I don’t fully agree with @mikeappsreviewer on one point though. R-Studio is not only for IT people. If your data is worth a lot, its deeper scan options are worth the ugly interface. It’s less friendly, but sometimes ugly tools win.

My short ranking:

  1. Disk Drill, best mix of ease and results
  2. R-Studio, best for tougher recovery jobs
  3. PhotoRec, free but messy and kinda a pain
  4. iBoysoft, decent, but the pricing is meh

One more thing people skip. Check iCloud Drive, Time Machine, and app-specific version history before paying for recovery softwrae. Pages, Photos, and some cloud apps save your butt more often than people think.

If you want more user opinions, this thread is a decent roundup of Mac data recovery software picks from Reddit users:
best Mac data recovery software recommendations from Reddit

If the Mac’s internal SSD got trimmed after deletion, no app is magic. That part kinda sucks, but it’s true.

I’d put Disk Drill for Mac data recovery at the top for most normal people, but not for exactly the same reasons @mikeappsreviewer and @mike34 gave.

My take is simpler: the best recovery app is the one that helps you figure out fast whether recovery is even possible. On newer Macs with internal SSDs, TRIM can wipe the practical recovery window stupidly fast. So I care less about giant feature lists and more about whether the app gives clear scan results, usable previews, and doesn’t feel sketchy.

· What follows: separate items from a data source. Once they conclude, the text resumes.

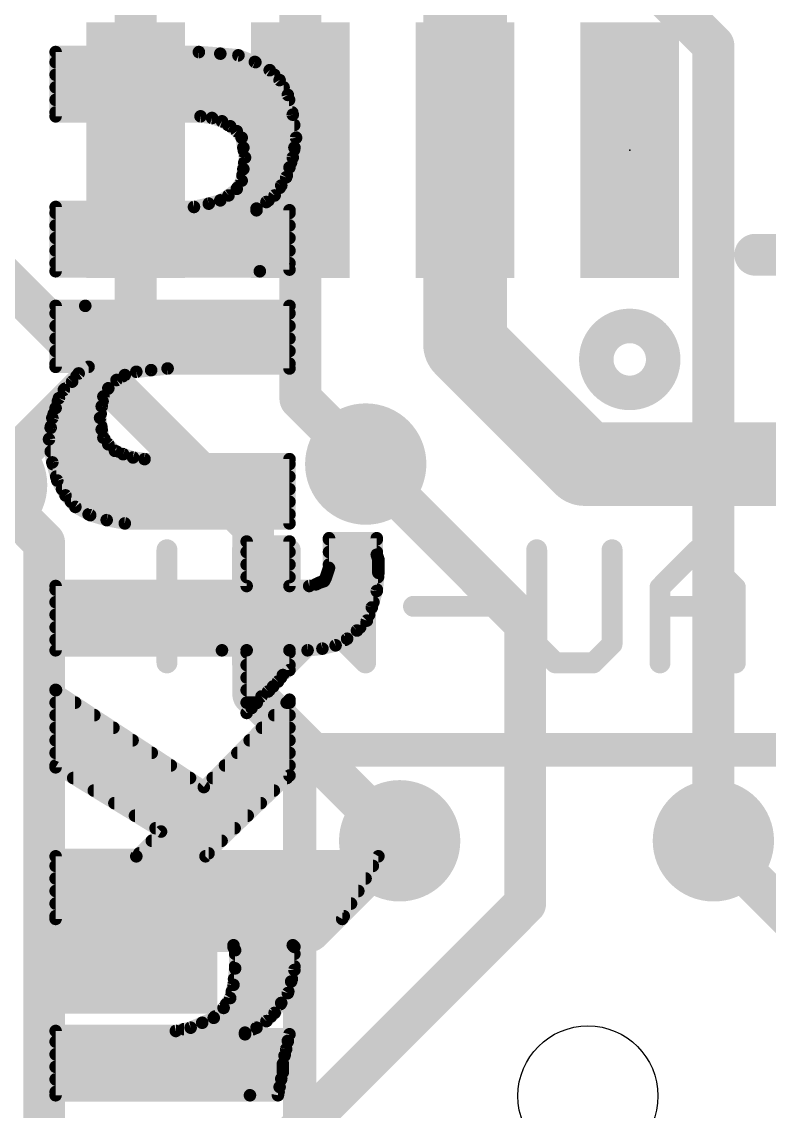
# Model space of a CAD drawing. Extents: x -44 to 63, y -18 to 50.
# Drawn here: x 7.74 to 12.28, y 28.46 to 35.07 of the extents above; entities that cross this region are included whole.
import ezdxf

# ---------------------------------------------------------------- set-up
doc = ezdxf.new("R2010")
doc.units = 0
for name, color, linetype in [('1', 12, 'CONTINUOUS'), ('16', 132, 'CONTINUOUS'), ('18', 110, 'CONTINUOUS'), ('20', 53, 'CONTINUOUS'), ('21', 41, 'CONTINUOUS'), ('22', 40, 'CONTINUOUS'), ('23', 53, 'CONTINUOUS')]:
    doc.layers.add(name, color=color, linetype=linetype)

# ---------------------------------------------------------------- blocks, each defined once
blk = doc.blocks.new('RECT')
blk.add_solid([(-0.5, -0.5), (0.5, -0.5), (-0.5, 0.5), (0.5, 0.5)])
blk = doc.blocks.new('ROUNDV')
at = {"const_width": 0.5}
blk.add_lwpolyline([(0, -0.25, 1), (0, 0.25, 1), (0, -0.25)], format="xyb", dxfattribs=at)

msp = doc.modelspace()

# ---------------------------------------------------------------- linework, layer by layer
at = {"layer": '1'}
for points, const_width in [([(9.43, 38.005), (9.43, 34.29)], 0.254), ([(8.43, 37.925), (8.43, 34.29)], 0.254), ([(10.43, 36.465), (10.43, 34.29)], 0.508), ([(10.43, 34.29), (10.43, 33.1119)], 0.508), ([(8.43, 34.29), (8.43, 33.163)], 0.254), ([(9.43, 34.29), (9.43, 32.782)], 0.254), ([(10.43, 33.1119), (11.1569, 32.385)], 0.508), ([(7.525, 32.258), (8.43, 33.163)], 0.254), ([(9.43, 32.782), (9.827, 32.385)], 0.254), ([(11.1569, 32.385), (13.081, 32.385)], 0.508), ([(9.485, 29.551), (10.033, 30.099)], 0.254), ([(12.486, 29.551), (11.938, 30.099)], 0.254), ([(8.351, 29.551), (9.485, 29.551)], 0.254)]:
    msp.add_lwpolyline(points, dxfattribs=dict(at, const_width=const_width))
for points, const_width in [([(10.557, 34.29, 1), (10.303, 34.29)], 0.254), ([(8.4935, 34.29, 1), (8.3665, 34.29)], 0.127), ([(9.4935, 34.29, 1), (9.3665, 34.29)], 0.127), ([(10.303, 34.29, 1), (10.557, 34.29)], 0.254), ([(8.3665, 34.29, 1), (8.4935, 34.29)], 0.127), ([(9.3665, 34.29, 1), (9.4935, 34.29)], 0.127), ([(10.5198, 33.2017, 1), (10.3402, 33.0221)], 0.254), ([(8.4749, 33.1181, 1), (8.3851, 33.2079)], 0.127), ([(8.3665, 33.163, 1), (8.4935, 33.163)], 0.127), ([(10.303, 33.1119, 1), (10.557, 33.1119)], 0.254), ([(9.4749, 32.8269, 1), (9.3851, 32.7371)], 0.127), ([(9.3665, 32.782, 1), (9.4935, 32.782)], 0.127), ([(11.1569, 32.512, 1), (11.1569, 32.258)], 0.254), ([(11.0671, 32.2952, 1), (11.2467, 32.4748)], 0.254), ([(9.7821, 32.3401, 1), (9.8719, 32.4299)], 0.127), ([(10.0779, 30.0541, 1), (9.9881, 30.1439)], 0.127), ([(11.9829, 30.1439, 1), (11.8931, 30.0541)], 0.127), ([(8.351, 29.6145, 1), (8.351, 29.4875)], 0.127), ([(9.4401, 29.5959, 1), (9.5299, 29.5061)], 0.127), ([(9.485, 29.4875, 1), (9.485, 29.6145)], 0.127)]:
    msp.add_lwpolyline(points, format="xyb", dxfattribs=dict(at, const_width=const_width))
at = {"layer": '16', "const_width": 0.254}
for points in [[(10.668, 36.195), (11.938, 34.925)], [(11.938, 34.925), (11.938, 30.099)], [(7.493, 33.655), (9.144, 32.004)], [(9.827, 32.385), (10.795, 31.417)], [(7.525, 32.258), (7.874, 31.909)], [(9.144, 32.004), (9.144, 30.988)], [(7.874, 31.909), (7.874, 23.876)], [(10.795, 31.417), (10.795, 29.718)], [(9.144, 30.988), (10.033, 30.099)], [(10.795, 29.718), (8.636, 27.559)]]:
    msp.add_lwpolyline(points, dxfattribs=at)
at = {"layer": '16', "const_width": 0.127}
for points in [[(12.0015, 34.925, 1), (11.8745, 34.925)], [(11.8931, 34.8801, 1), (11.9829, 34.9699)], [(9.8719, 32.4299, 1), (9.7821, 32.3401)], [(9.2075, 32.004, 1), (9.0805, 32.004)], [(9.0991, 31.9591, 1), (9.1889, 32.0489)], [(7.9375, 31.909, 1), (7.8105, 31.909)], [(7.8291, 31.8641, 1), (7.9189, 31.9539)], [(10.8585, 31.417, 1), (10.7315, 31.417)], [(10.7501, 31.3721, 1), (10.8399, 31.4619)], [(9.1889, 31.0329, 1), (9.0991, 30.9431)], [(9.0805, 30.988, 1), (9.2075, 30.988)], [(9.9881, 30.0541, 1), (10.0779, 30.1439)], [(11.8745, 30.099, 1), (12.0015, 30.099)], [(10.8399, 29.6731, 1), (10.7501, 29.7629)], [(10.7315, 29.718, 1), (10.8585, 29.718)]]:
    msp.add_lwpolyline(points, format="xyb", dxfattribs=at)
at = {"layer": '20'}
msp.add_circle((11.176, 28.551), 0.425, dxfattribs=at)
at = {"layer": '21'}
for points, const_width in [([(13.208, 33.655), (12.192, 33.655)], 0.254), ([(8.62, 31.1785), (8.62, 31.8649)], 0.127), ([(9.0776, 31.8649), (9.0776, 31.1785)], 0.127), ([(9.3685, 31.8649), (9.3685, 31.1785)], 0.127), ([(9.8261, 31.1785), (9.8261, 31.8649)], 0.127), ([(10.8653, 31.8649), (10.8653, 31.2929)], 0.127), ([(11.3229, 31.2929), (11.3229, 31.8649)], 0.127), ([(11.6137, 31.6361), (11.8425, 31.8649)], 0.127), ([(11.8425, 31.8649), (12.0713, 31.6361)], 0.127), ([(11.6137, 31.1785), (11.6137, 31.6361)], 0.127), ([(12.0713, 31.6361), (12.0713, 31.1785)], 0.127), ([(8.62, 31.5217), (9.0776, 31.5217)], 0.127), ([(10.1169, 31.5217), (10.5745, 31.5217)], 0.127), ([(11.6137, 31.5217), (12.0713, 31.5217)], 0.127), ([(9.3685, 31.1785), (9.5973, 31.4073)], 0.127), ([(9.5973, 31.4073), (9.8261, 31.1785)], 0.127), ([(10.8653, 31.2929), (10.9797, 31.1785)], 0.127), ([(11.2085, 31.1785), (11.3229, 31.2929)], 0.127), ([(10.9797, 31.1785), (11.2085, 31.1785)], 0.127), ([(12.926, 30.651), (9.426, 30.651)], 0.2032), ([(9.426, 30.651), (9.426, 23.451)], 0.2032)]:
    msp.add_lwpolyline(points, dxfattribs=dict(at, const_width=const_width))
for points, const_width in [([(12.192, 33.7185, 1), (12.192, 33.5915)], 0.127), ([(11.43, 32.9153, 1), (11.43, 33.1247, 1), (11.43, 32.9153)], 0.4064), ([(8.6518, 31.8649, 1), (8.5883, 31.8649)], 0.0635), ([(9.1094, 31.8649, 1), (9.0459, 31.8649)], 0.0635), ([(9.4002, 31.8649, 1), (9.3367, 31.8649)], 0.0635), ([(9.8578, 31.8649, 1), (9.7943, 31.8649)], 0.0635), ([(10.897, 31.8649, 1), (10.8335, 31.8649)], 0.0635), ([(11.3546, 31.8649, 1), (11.2911, 31.8649)], 0.0635), ([(11.865, 31.8873, 1), (11.8201, 31.8424)], 0.0635), ([(11.865, 31.8424, 1), (11.8201, 31.8873)], 0.0635), ([(11.6455, 31.6361, 1), (11.582, 31.6361)], 0.0635), ([(11.5913, 31.6585, 1), (11.6362, 31.6136)], 0.0635), ([(12.1031, 31.6361, 1), (12.0396, 31.6361)], 0.0635), ([(12.0488, 31.6136, 1), (12.0938, 31.6585)], 0.0635), ([(8.62, 31.5534, 1), (8.62, 31.4899)], 0.0635), ([(9.0776, 31.4899, 1), (9.0776, 31.5534)], 0.0635), ([(10.1169, 31.5534, 1), (10.1169, 31.4899)], 0.0635), ([(10.5745, 31.4899, 1), (10.5745, 31.5534)], 0.0635), ([(11.6137, 31.5534, 1), (11.6137, 31.4899)], 0.0635), ([(12.0713, 31.4899, 1), (12.0713, 31.5534)], 0.0635), ([(9.6197, 31.4297, 1), (9.5748, 31.3848)], 0.0635), ([(9.6197, 31.3848, 1), (9.5748, 31.4297)], 0.0635), ([(10.8877, 31.3153, 1), (10.8428, 31.2704)], 0.0635), ([(11.3453, 31.2704, 1), (11.3004, 31.3153)], 0.0635), ([(10.8335, 31.2929, 1), (10.897, 31.2929)], 0.0635), ([(11.2911, 31.2929, 1), (11.3546, 31.2929)], 0.0635), ([(8.5883, 31.1785, 1), (8.6518, 31.1785)], 0.0635), ([(9.0459, 31.1785, 1), (9.1094, 31.1785)], 0.0635), ([(9.346, 31.201, 1), (9.3909, 31.156)], 0.0635), ([(9.3367, 31.1785, 1), (9.4002, 31.1785)], 0.0635), ([(9.7943, 31.1785, 1), (9.8578, 31.1785)], 0.0635), ([(9.8036, 31.156, 1), (9.8485, 31.201)], 0.0635), ([(10.9797, 31.2103, 1), (10.9797, 31.1468)], 0.0635), ([(10.9572, 31.156, 1), (11.0021, 31.201)], 0.0635), ([(11.186, 31.201, 1), (11.2309, 31.156)], 0.0635), ([(11.2085, 31.1468, 1), (11.2085, 31.2103)], 0.0635), ([(11.582, 31.1785, 1), (11.6455, 31.1785)], 0.0635), ([(12.0396, 31.1785, 1), (12.1031, 31.1785)], 0.0635), ([(9.426, 30.7018, 1), (9.426, 30.6002)], 0.1016), ([(9.4768, 30.651, 1), (9.3752, 30.651)], 0.1016)]:
    msp.add_lwpolyline(points, format="xyb", dxfattribs=dict(at, const_width=const_width))
at = {"layer": '22', "const_width": 0.0762}
for points in [[(8.814, 34.885), (7.944, 34.885)], [(7.944, 34.885), (7.944, 34.495)], [(8.944, 34.875), (8.814, 34.885)], [(9.054, 34.865), (8.944, 34.875)], [(7.944, 34.8234), (9.1569, 34.8234)], [(9.154, 34.825), (9.054, 34.865)], [(9.244, 34.775), (9.154, 34.825)], [(7.944, 34.7472), (9.2718, 34.7472)], [(9.304, 34.715), (9.244, 34.775)], [(7.944, 34.671), (9.3284, 34.671)], [(9.354, 34.625), (9.304, 34.715)], [(9.384, 34.505), (9.354, 34.625)], [(7.944, 34.5948), (9.3616, 34.5948)], [(7.944, 34.5186), (9.3806, 34.5186)], [(7.944, 34.495), (8.824, 34.495)], [(8.824, 34.495), (8.894, 34.485)], [(8.894, 34.485), (8.954, 34.465)], [(9.404, 34.365), (9.384, 34.505)], [(8.954, 34.465), (9.004, 34.435)], [(8.9917, 34.4424), (9.3929, 34.4424)], [(9.004, 34.435), (9.044, 34.405)], [(9.044, 34.405), (9.074, 34.365)], [(9.0731, 34.3662), (9.4038, 34.3662)], [(9.074, 34.365), (9.084, 34.305)], [(9.394, 34.305), (9.404, 34.365)], [(9.084, 34.305), (9.094, 34.245)], [(9.0865, 34.29), (9.3915, 34.29)], [(9.384, 34.245), (9.394, 34.305)], [(9.094, 34.245), (9.084, 34.175)], [(9.0895, 34.2138), (9.3736, 34.2138)], [(9.364, 34.185), (9.384, 34.245)], [(9.084, 34.175), (9.074, 34.105)], [(9.344, 34.125), (9.364, 34.185)], [(9.074, 34.105), (9.044, 34.055)], [(9.0787, 34.1376), (9.3482, 34.1376)], [(9.274, 34.015), (9.314, 34.075)], [(9.314, 34.075), (9.344, 34.125)], [(8.994, 34.015), (8.944, 33.985)], [(9.044, 34.055), (8.994, 34.015)], [(9.0478, 34.0614), (9.3049, 34.0614)], [(9.224, 33.975), (9.274, 34.015)], [(8.784, 33.945), (7.944, 33.945)], [(7.944, 33.945), (7.944, 33.555)], [(8.874, 33.965), (8.784, 33.945)], [(8.944, 33.985), (8.874, 33.965)], [(8.9443, 33.9852), (9.2368, 33.9852)], [(9.164, 33.935), (9.224, 33.975)], [(7.944, 33.909), (9.364, 33.909)], [(9.164, 33.925), (9.164, 33.935)], [(9.364, 33.925), (9.164, 33.925)], [(9.364, 33.565), (9.364, 33.925)], [(7.944, 33.8328), (9.364, 33.8328)], [(7.944, 33.7566), (9.364, 33.7566)], [(7.944, 33.6804), (9.364, 33.6804)], [(7.944, 33.6042), (9.364, 33.6042)], [(7.944, 33.555), (9.184, 33.555)], [(9.184, 33.555), (9.364, 33.565)], [(7.944, 33.345), (7.944, 32.975)], [(8.124, 33.345), (7.944, 33.345)], [(9.364, 33.345), (8.124, 33.345)], [(9.364, 32.965), (9.364, 33.345)], [(7.944, 33.2994), (9.364, 33.2994)], [(7.944, 33.2232), (9.364, 33.2232)], [(7.944, 33.147), (9.364, 33.147)], [(7.944, 33.0708), (9.364, 33.0708)], [(7.944, 32.9946), (9.364, 32.9946)], [(7.944, 32.975), (8.144, 32.975)], [(8.144, 32.975), (8.084, 32.935)], [(8.434, 32.945), (8.524, 32.955)], [(8.524, 32.955), (8.624, 32.965)], [(8.624, 32.965), (9.364, 32.965)], [(8.044, 32.885), (7.994, 32.835)], [(8.084, 32.935), (8.044, 32.885)], [(8.0707, 32.9184), (8.353, 32.9184)], [(8.264, 32.845), (8.314, 32.895)], [(8.314, 32.895), (8.364, 32.925)], [(8.364, 32.925), (8.434, 32.945)], [(7.994, 32.835), (7.964, 32.785)], [(8.0012, 32.8422), (8.2623, 32.8422)], [(8.234, 32.795), (8.264, 32.845)], [(7.964, 32.785), (7.944, 32.725)], [(7.9577, 32.766), (8.2292, 32.766)], [(8.224, 32.735), (8.234, 32.795)], [(7.944, 32.725), (7.924, 32.665)], [(7.9323, 32.6898), (8.2175, 32.6898)], [(8.214, 32.665), (8.224, 32.735)], [(7.924, 32.665), (7.914, 32.605)], [(8.224, 32.595), (8.214, 32.665)], [(7.914, 32.605), (7.904, 32.535)], [(7.9154, 32.6136), (8.2213, 32.6136)], [(8.234, 32.545), (8.224, 32.595)], [(7.904, 32.535), (7.924, 32.395)], [(7.9043, 32.5374), (8.2397, 32.5374)], [(8.264, 32.505), (8.234, 32.545)], [(8.304, 32.465), (8.264, 32.505)], [(7.9145, 32.4612), (8.3135, 32.4612)], [(8.354, 32.445), (8.304, 32.465)], [(8.414, 32.425), (8.354, 32.445)], [(8.484, 32.415), (8.414, 32.425)], [(7.924, 32.395), (7.954, 32.285)], [(7.9267, 32.385), (9.364, 32.385)], [(9.364, 32.415), (8.484, 32.415)], [(9.364, 32.025), (9.364, 32.415)], [(7.9475, 32.3088), (9.364, 32.3088)], [(7.954, 32.285), (8.004, 32.195)], [(7.9831, 32.2326), (9.364, 32.2326)], [(8.004, 32.195), (8.064, 32.125)], [(8.0371, 32.1564), (9.364, 32.1564)], [(8.064, 32.125), (8.154, 32.075)], [(8.1446, 32.0802), (9.364, 32.0802)], [(8.154, 32.075), (8.254, 32.045)], [(8.254, 32.045), (8.364, 32.025)], [(8.364, 32.025), (9.364, 32.025)], [(9.364, 31.915), (9.104, 31.915)], [(9.104, 31.915), (9.104, 31.645)], [(9.364, 31.645), (9.364, 31.915)], [(9.894, 31.935), (9.604, 31.935)], [(9.604, 31.935), (9.604, 31.755)], [(9.604, 31.9278), (9.894, 31.9278)], [(9.894, 31.835), (9.894, 31.935)], [(9.104, 31.8516), (9.364, 31.8516)], [(9.604, 31.8516), (9.894, 31.8516)], [(9.904, 31.805), (9.894, 31.835)], [(9.104, 31.7754), (9.364, 31.7754)], [(9.604, 31.7754), (9.904, 31.7754)], [(9.904, 31.725), (9.904, 31.805)], [(9.104, 31.6992), (9.364, 31.6992)], [(9.584, 31.695), (9.574, 31.675)], [(9.594, 31.725), (9.584, 31.695)], [(9.5854, 31.6992), (9.9017, 31.6992)], [(9.604, 31.755), (9.594, 31.725)], [(9.894, 31.615), (9.904, 31.725)], [(9.104, 31.645), (7.944, 31.645)], [(7.944, 31.645), (7.944, 31.255)], [(9.484, 31.645), (9.364, 31.645)], [(9.524, 31.655), (9.484, 31.645)], [(9.544, 31.665), (9.524, 31.655)], [(9.574, 31.675), (9.544, 31.665)], [(7.944, 31.623), (9.8947, 31.623)], [(9.864, 31.515), (9.894, 31.615)], [(7.944, 31.5468), (9.8735, 31.5468)], [(9.834, 31.435), (9.864, 31.515)], [(7.944, 31.4706), (9.8474, 31.4706)], [(9.774, 31.375), (9.834, 31.435)], [(7.944, 31.3944), (9.7934, 31.3944)], [(9.714, 31.325), (9.774, 31.375)], [(7.944, 31.3182), (9.7021, 31.3182)], [(9.644, 31.285), (9.714, 31.325)], [(7.944, 31.255), (8.954, 31.255)], [(8.954, 31.255), (9.104, 31.255)], [(9.104, 31.255), (9.104, 30.875)], [(9.104, 31.242), (9.364, 31.242)], [(9.364, 31.135), (9.364, 31.255)], [(9.364, 31.255), (9.474, 31.255)], [(9.474, 31.255), (9.564, 31.265)], [(9.564, 31.265), (9.644, 31.285)], [(9.104, 31.1658), (9.364, 31.1658)], [(9.294, 31.065), (9.324, 31.105)], [(9.324, 31.105), (9.364, 31.135)], [(9.104, 31.0896), (9.3125, 31.0896)], [(9.234, 31.005), (9.264, 31.035)], [(9.264, 31.035), (9.294, 31.065)], [(8.844, 30.425), (7.944, 31.015)], [(7.944, 31.015), (7.944, 30.545)], [(7.944, 31.0134), (7.9464, 31.0134)], [(9.104, 31.0134), (9.2424, 31.0134)], [(9.164, 30.935), (9.194, 30.975)], [(9.194, 30.975), (9.234, 31.005)], [(7.944, 30.9372), (8.0627, 30.9372)], [(9.364, 30.955), (8.844, 30.425)], [(9.104, 30.9372), (9.1657, 30.9372)], [(9.104, 30.875), (9.134, 30.905)], [(9.134, 30.905), (9.164, 30.935)], [(9.3465, 30.9372), (9.364, 30.9372)], [(9.364, 30.495), (9.364, 30.955)], [(7.944, 30.861), (8.1789, 30.861)], [(9.2718, 30.861), (9.364, 30.861)], [(7.944, 30.7848), (8.2952, 30.7848)], [(9.197, 30.7848), (9.364, 30.7848)], [(7.944, 30.7086), (8.4114, 30.7086)], [(9.1223, 30.7086), (9.364, 30.7086)], [(7.944, 30.6324), (8.5276, 30.6324)], [(9.0475, 30.6324), (9.364, 30.6324)], [(7.944, 30.5562), (8.6439, 30.5562)], [(7.944, 30.545), (8.584, 30.155)], [(8.9727, 30.5562), (9.364, 30.5562)], [(8.0507, 30.48), (8.7601, 30.48)], [(8.854, 30.005), (9.364, 30.495)], [(8.898, 30.48), (9.3484, 30.48)], [(8.1757, 30.4038), (9.2691, 30.4038)], [(8.3008, 30.3276), (9.1898, 30.3276)], [(8.4258, 30.2514), (9.1105, 30.2514)], [(8.5509, 30.1752), (9.0311, 30.1752)], [(8.584, 30.155), (8.434, 30.005)], [(8.528, 30.099), (8.9518, 30.099)], [(8.434, 30.005), (7.944, 30.005)], [(7.944, 30.005), (7.944, 29.625)], [(8.4518, 30.0228), (8.8725, 30.0228)], [(9.904, 30.005), (8.854, 30.005)], [(9.684, 29.625), (9.904, 30.005)], [(7.944, 29.9466), (9.8702, 29.9466)], [(7.944, 29.8704), (9.8261, 29.8704)], [(7.944, 29.7942), (9.782, 29.7942)], [(7.944, 29.718), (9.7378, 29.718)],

Disk Drill does that pretty well.

Where I sorta disagree with @mike34: I don’t think PhotoRec is worth recommending to most Mac users unless you’re despertae and very patient. Free is nice, but getting back 8,000 nameless files is not my idea of a win. R-Studio is excellent, yeah, but for a basic “deleted files, emptied Trash” situation, it can be overkill.

What I’d check before buying anything:

  • Recently Deleted in Photos, Notes, Files, etc.
  • iCloud Drive web version
  • Time Machine snapshots
  • App-specific auto-save/version history

If those are dead ends, Disk Drill is probably the safest first try. If the deleted data was on an external HDD or SD card, your odds are way better than on the internal Mac SSD.

Also, if you want a quick visual roundup, this best Mac data recovery software Reel is actually pretty easy to skim.

Short version:

  • Disk Drill: best starting point for most Mac users
  • R-Studio: stronger for ugly/advanced cases
  • PhotoRec: free, but kind of a mess tbh

If it was deleted from the internal SSD and you kept using the Mac after emptying Trash, no software can perform miracles. That part sucks, but thats the truth.